• Exercise brief: Your response should be every line from the entries that includes the string "Standard".

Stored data
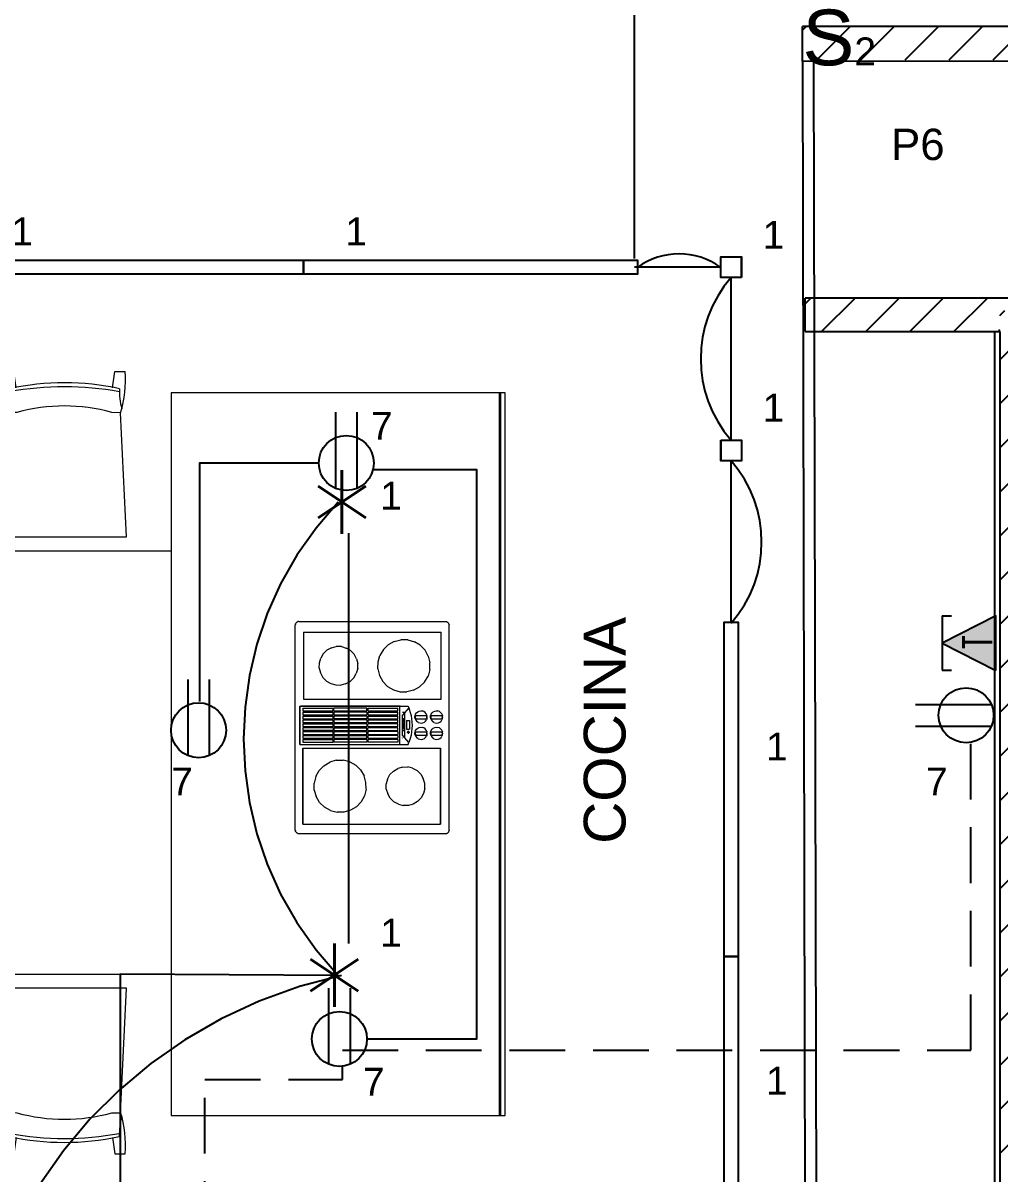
# Model space of a CAD drawing. Header units: inches. Extents: x 131 to 82119, y 71 to 16923.
# Drawn here: x 385.049 to 388.557, y 155.682 to 159.812 of the extents above; entities that cross this region are included whole.
import ezdxf
from ezdxf.enums import TextEntityAlignment as Align

# ---------------------------------------------------------------- set-up
doc = ezdxf.new("R2010")
doc.units = ezdxf.units.IN
doc.header["$MEASUREMENT"] = 0
doc.linetypes.add('HIDDEN', pattern=[9.525, 6.35, -3.175])
doc.linetypes.add('PISO', pattern=[0.3, 0.2, -0.1])
for name, color, linetype in [('Arquitectonico', 253, 'Continuous'), ('INTERRUPTORES', 6, 'Continuous'), ('LAMPARAS', 20, 'Continuous'), ('Retorno', 5, 'HIDDEN')]:
    doc.layers.add(name, color=color, linetype=linetype)
for name, color, linetype, lineweight in [('DUCTO-PARED O TECHO', 7, 'Continuous', 25), ('DUCTO-PISO', 7, 'PISO', 25), ('G-XREF-____-OTLN', 8, 'Continuous', 18), ('I-FURN-____-OTLN', 30, 'Continuous', 18), ('Q-CASE-____-MCUT', 31, 'Continuous', 35), ('Q-CASE-____-OTLN', 31, 'Continuous', 18), ('RED-TELEFONO', 240, 'TELEFONO', 25), ('RED-TELÉFONO', 240, 'TELEFONO', 25), ('SIMBOLOGIA', 150, 'Continuous', 25)]:
    doc.layers.add(name, color=color, linetype=linetype, lineweight=lineweight)
doc.styles.add('Arial_1', font='arial.ttf', dxfattribs={"height": 0.15})
doc.styles.add('Arial_4', font='arial.ttf', dxfattribs={"height": 0.1125})
doc.styles.add('ROMANS', font='romans.shx', dxfattribs={"width": 0.625})
doc.styles.get("Standard").update_dxf_attribs({"font": 'arial.ttf'})
doc.linetypes.add('TELEFONO', pattern='A,0.32,-0.12,["TEL",Standard,S=0.065,R=0,X=-0.065,Y=-0.0325],-0.14', length=0.58)

# ---------------------------------------------------------------- blocks, each defined once
blk = doc.blocks.new('Encimera sola - Profundidad 1_20-1478788-ARQ-P1')
at = {"layer": 'Q-CASE-____-MCUT'}
blk.add_line((-1.2005, -0.0191), (1.3944, -0.0191), dxfattribs=at)
at = {"layer": 'Q-CASE-____-OTLN'}
for p, q in [((1.3944, 0), (-1.2005, 0)), ((-1.2005, 0), (-1.2005, -1.2)), ((1.3944, -1.2), (1.3944, 0)), ((-1.2005, -1.2), (1.3944, -1.2))]:
    blk.add_line(p, q, dxfattribs=at)
blk = doc.blocks.new('Jenn_Air_-_30quot_Electric_Downdraft_Cooktop_14189 - 30in Designer Line Modular Electric Downdraft Cooktop_dwg-809690-ARQ-P1')
at = {"layer": 'G-XREF-____-OTLN'}
for p, q in [((-0.2086, -2.2294), (-0.2091, -2.2309)), ((-0.2086, -2.2294), (-0.208, -2.2279)), ((-0.2086, -2.2294), (-0.208, -2.2279)), ((-0.208, -2.2279), (-0.2072, -2.2264)), ((-0.208, -2.2279), (-0.2072, -2.2264)), ((-0.2072, -2.2264), (-0.2063, -2.2251)), ((-0.2063, -2.2251), (-0.2072, -2.2264)), ((-0.2052, -2.2239), (-0.2063, -2.2251)), ((-0.2052, -2.2239), (-0.2063, -2.2251)), ((-0.204, -2.2228), (-0.2052, -2.2239)), ((-0.204, -2.2228), (-0.2052, -2.2239)), ((-0.2027, -2.2219), (-0.204, -2.2228)), ((-0.2027, -2.2219), (-0.2013, -2.2211)), ((-0.2013, -2.2211), (-0.1998, -2.2205)), ((-0.1982, -2.2201), (-0.1998, -2.2205)), ((-0.1982, -2.2201), (-0.1966, -2.2198)), ((-0.1966, -2.2198), (0.54, -2.2198)), ((0.54, -2.2198), (0.5416, -2.2201)), ((0.5431, -2.2205), (0.5416, -2.2201)), ((0.5446, -2.2211), (0.5431, -2.2205)), ((0.5446, -2.2211), (0.546, -2.2219)), ((0.546, -2.2219), (0.5474, -2.2228)), ((0.5474, -2.2228), (0.5486, -2.2239)), ((0.5486, -2.2239), (0.5474, -2.2228)), ((0.5486, -2.2239), (0.5496, -2.2251)), ((0.5486, -2.2239), (0.5496, -2.2251)), ((0.5506, -2.2264), (0.5496, -2.2251)), ((0.5506, -2.2264), (0.5496, -2.2251)), ((0.5514, -2.2279), (0.5506, -2.2264)), ((0.5514, -2.2279), (0.5506, -2.2264)), ((0.552, -2.2294), (0.5514, -2.2279)), ((0.5514, -2.2279), (0.552, -2.2294)), ((0.5524, -2.2309), (0.552, -2.2294)), ((-0.2091, -2.2309), (-0.2093, -2.2325)), ((-0.2093, -2.2325), (-0.2093, -2.7612)), ((-0.1751, -2.2476), (0.0979, -2.2476)), ((-0.1751, -2.2476), (-0.1751, -2.7417)), ((0.0979, -2.2476), (0.0979, -2.7417)), ((0.1105, -2.2365), (0.1105, -2.2359)), ((0.1105, -2.2359), (0.2485, -2.2359)), ((0.1105, -2.2359), (0.1105, -2.5958)), ((0.2485, -2.2365), (0.1105, -2.2365)), ((0.119, -2.2475), (0.119, -2.3559)), ((0.129, -2.2475), (0.119, -2.2475)), ((0.129, -2.2475), (0.129, -2.3559)), ((0.143, -2.2475), (0.1331, -2.2475)), ((0.1331, -2.2475), (0.1331, -2.3559)), ((0.143, -2.2475), (0.143, -2.3559)), ((0.157, -2.2475), (0.1471, -2.2475)), ((0.1471, -2.2475), (0.1471, -2.3559)), ((0.157, -2.2475), (0.157, -2.3559)), ((0.1711, -2.2475), (0.1611, -2.2475)), ((0.1611, -2.3559), (0.1611, -2.2475)), ((0.1711, -2.3559), (0.1711, -2.2475)), ((0.1851, -2.2475), (0.1752, -2.2475)), ((0.1752, -2.2475), (0.1752, -2.3559)), ((0.1851, -2.2475), (0.1851, -2.3559)), ((0.1991, -2.2475), (0.1892, -2.2475)), ((0.1892, -2.2475), (0.1892, -2.3559)), ((0.1991, -2.2475), (0.1991, -2.3559)), ((0.2131, -2.2475), (0.2032, -2.2475)), ((0.2032, -2.2475), (0.2032, -2.3559)), ((0.2131, -2.2475), (0.2131, -2.3559)), ((0.2272, -2.2475), (0.2172, -2.2475)), ((0.2172, -2.2475), (0.2172, -2.3559)), ((0.2272, -2.2475), (0.2272, -2.3559)), ((0.2412, -2.2475), (0.2313, -2.2475)), ((0.2313, -2.2475), (0.2313, -2.3559)), ((0.2412, -2.2475), (0.2412, -2.3559)), ((0.2485, -2.2365), (0.2485, -2.2359)), ((0.2485, -2.2359), (0.2485, -2.5958)), ((0.2485, -2.2393), (0.2498, -2.2393)), ((0.2498, -2.2393), (0.2498, -2.5962)), ((0.5138, -2.2492), (0.2737, -2.2492)), ((0.2737, -2.2492), (0.2737, -2.7433)), ((0.5138, -2.2492), (0.2737, -2.2492)), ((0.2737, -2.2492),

• Solution for this problem:
doc.styles.get("Standard").update_dxf_attribs({"font": 'arial.ttf'})
doc.linetypes.add('TELEFONO', pattern='A,0.32,-0.12,["TEL",Standard,S=0.065,R=0,X=-0.065,Y=-0.0325],-0.14', length=0.58)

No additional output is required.